*** Block opens ***

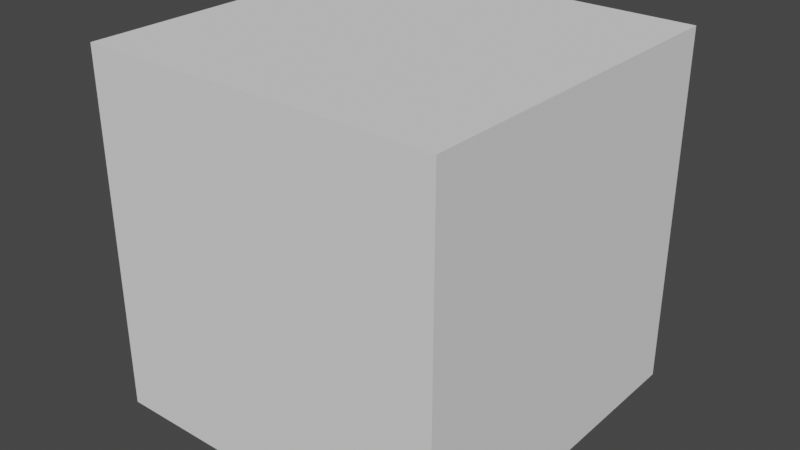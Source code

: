 # Source: box.blend  (saved by Blender 3.6.11; exported with 4.5.12 LTS)
import bpy
from mathutils import Matrix  # noqa: F401  (used for matrix-valued properties, if any)

bpy.ops.wm.read_factory_settings(use_empty=True)
scene = bpy.context.scene
scene.name = 'Scene'

# ---- collections
col_collection = bpy.data.collections.new('Collection'); scene.collection.children.link(col_collection)

# ---- world
world_world = bpy.data.worlds.new('World'); scene.world = world_world
world_world.use_nodes = True; world_world.node_tree.nodes.clear()
_N = world_world.node_tree.nodes; _L = world_world.node_tree.links
n0 = _N.new('ShaderNodeOutputWorld'); n0.name = 'World Output'; n0.location = (300, 300)
n1 = _N.new('ShaderNodeBackground'); n1.name = 'Background'; n1.location = (10, 300)
n1.inputs[0].default_value = (0.05088, 0.05088, 0.05088, 1.0)
_L.new(n1.outputs[0], n0.inputs[0])
n0.is_active_output = True
world_world.color = (0.05088, 0.05088, 0.05088)
world_world.use_sun_shadow = False
world_world.sun_shadow_jitter_overblur = 0.0

# ---- meshes
me_cube = bpy.data.meshes.new('Cube')
me_cube.from_pydata([(-1.0, -1.0, -1.0), (-1.0, -1.0, 1.0), (-1.0, 1.0, -1.0), (-1.0, 1.0, 1.0), (1.0, -1.0, -1.0), (1.0, -1.0, 1.0), (1.0, 1.0, -1.0), (1.0, 1.0, 1.0)], [], [(0, 1, 3, 2), (2, 3, 7, 6), (6, 7, 5, 4), (4, 5, 1, 0), (2, 6, 4, 0), (7, 3, 1, 5)])
_uv = me_cube.uv_layers.new(name='UVMap')
_uv.uv.foreach_set('vector', [0.375, 0.0, 0.625, 0.0, 0.625, 0.25, 0.375, 0.25, 0.375, 0.25, 0.625, 0.25, 0.625, 0.5, 0.375, 0.5, 0.375, 0.5, 0.625, 0.5, 0.625, 0.75, 0.375, 0.75, 0.375, 0.75, 0.625, 0.75, 0.625, 1.0, 0.375, 1.0, 0.125, 0.5, 0.375, 0.5, 0.375, 0.75, 0.125, 0.75, 0.625, 0.5, 0.875, 0.5, 0.875, 0.75, 0.625, 0.75])
me_cube.update()

# ---- objects
ob_cube = bpy.data.objects.new('Cube', me_cube)

# ---- transforms, parenting, visibility, modifiers, constraints
ob_cube.location = (0.0, 0.0, 0.0)

# ---- collection membership
scene.collection.objects.link(ob_cube)

# ---- scene / render settings (as saved in the file)
scene.frame_start = 1; scene.frame_end = 250; scene.frame_set(1)
scene.render.engine = 'BLENDER_EEVEE_NEXT'
scene.cycles.sampling_pattern = 'TABULATED_SOBOL'
scene.view_settings.view_transform = 'Filmic'
bpy.context.view_layer.update()

# ---- added for rendering (the .blend has no active camera and no usable light): camera, sun
cam_auto = bpy.data.cameras.new('AutoCamera')
cam_auto.lens = 50.0
cam_auto.sensor_width = 36.0
cam_auto.clip_end = 1000.0
ob_auto_camera = bpy.data.objects.new('AutoCamera', cam_auto)
scene.collection.objects.link(ob_auto_camera)
ob_auto_camera.location = (3.20507, -3.84609, 2.56406)
ob_auto_camera.rotation_euler = (1.09748, -7.21219e-08, 0.694738)
scene.camera = ob_auto_camera
light_auto_sun = bpy.data.lights.new('AutoSun', 'SUN')
light_auto_sun.energy = 3.0
light_auto_sun.angle = 0.0523599
ob_auto_sun = bpy.data.objects.new('AutoSun', light_auto_sun)
scene.collection.objects.link(ob_auto_sun)
ob_auto_sun.rotation_euler = (0.872665, 0.174533, 0.523599)
bpy.context.view_layer.update()

*** Block closes ***

§ **What you should do**
Apart from the pictures, every line above must be repeated exactly.

§ **Response to the task**
Source code

: # Source: box.blend  (saved by Blender 3.6.11; exported with 4.5.12 LTS)
import bpy
from mathutils import Matrix  # noqa: F401  (used for matrix-valued properties, if any)

bpy.ops.wm.read_factory_settings(use_empty=True)
scene = bpy.context.scene
scene.name = 'Scene'

# ---- collections
col_collection = bpy.data.collections.new('Collection'); scene.collection.children.link(col_collection)

# ---- world
world_world = bpy.data.worlds.new('World'); scene.world = world_world
world_world.use_nodes = True; world_world.node_tree.nodes.clear()
_N = world_world.node_tree.nodes; _L = world_world.node_tree.links
n0 = _N.new('ShaderNodeOutputWorld'); n0.name = 'World Output'; n0.location = (300, 300)
n1 = _N.new('ShaderNodeBackground'); n1.name = 'Background'; n1.location = (10, 300)
n1.inputs[0].default_value = (0.05088, 0.05088, 0.05088, 1.0)
_L.new(n1.outputs[0], n0.inputs[0])
n0.is_active_output = True
world_world.color = (0.05088, 0.05088, 0.05088)
world_world.use_sun_shadow = False
world_world.sun_shadow_jitter_overblur = 0.0

# ---- meshes
me_cube = bpy.data.meshes.new('Cube')
me_cube.from_pydata([(-1.0, -1.0, -1.0), (-1.0, -1.0, 1.0), (-1.0, 1.0, -1.0), (-1.0, 1.0, 1.0), (1.0, -1.0, -1.0), (1.0, -1.0, 1.0), (1.0, 1.0, -1.0), (1.0, 1.0, 1.0)], [], [(0, 1, 3, 2), (2, 3, 7, 6), (6, 7, 5, 4), (4, 5, 1, 0), (2, 6, 4, 0), (7, 3, 1, 5)])
_uv = me_cube.uv_layers.new(name='UVMap')
_uv.uv.foreach_set('vector', [0.375, 0.0, 0.625, 0.0, 0.625, 0.25, 0.375, 0.25, 0.375, 0.25, 0.625, 0.25, 0.625, 0.5, 0.375, 0.5, 0.375, 0.5, 0.625, 0.5, 0.625, 0.75, 0.375, 0.75, 0.375, 0.75, 0.625, 0.75, 0.625, 1.0, 0.375, 1.0, 0.125, 0.5, 0.375, 0.5, 0.375, 0.75, 0.125, 0.75, 0.625, 0.5, 0.875, 0.5, 0.875, 0.75, 0.625, 0.75])
me_cube.update()

# ---- objects
ob_cube = bpy.data.objects.new('Cube', me_cube)

# ---- transforms, parenting, visibility, modifiers, constraints
ob_cube.location = (0.0, 0.0, 0.0)

# ---- collection membership
scene.collection.objects.link(ob_cube)

# ---- scene / render settings (as saved in the file)
scene.frame_start = 1; scene.frame_end = 250; scene.frame_set(1)
scene.render.engine = 'BLENDER_EEVEE_NEXT'
scene.cycles.sampling_pattern = 'TABULATED_SOBOL'
scene.view_settings.view_transform = 'Filmic'
bpy.context.view_layer.update()

# ---- added for rendering (the .blend has no active camera and no usable light): camera, sun
cam_auto = bpy.data.cameras.new('AutoCamera')
cam_auto.lens = 50.0
cam_auto.sensor_width = 36.0
cam_auto.clip_end = 1000.0
ob_auto_camera = bpy.data.objects.new('AutoCamera', cam_auto)
scene.collection.objects.link(ob_auto_camera)
ob_auto_camera.location = (3.20507, -3.84609, 2.56406)
ob_auto_camera.rotation_euler = (1.09748, -7.21219e-08, 0.694738)
scene.camera = ob_auto_camera
light_auto_sun = bpy.data.lights.new('AutoSun', 'SUN')
light_auto_sun.energy = 3.0
light_auto_sun.angle = 0.0523599
ob_auto_sun = bpy.data.objects.new('AutoSun', light_auto_sun)
scene.collection.objects.link(ob_auto_sun)
ob_auto_sun.rotation_euler = (0.872665, 0.174533, 0.523599)
bpy.context.view_layer.update()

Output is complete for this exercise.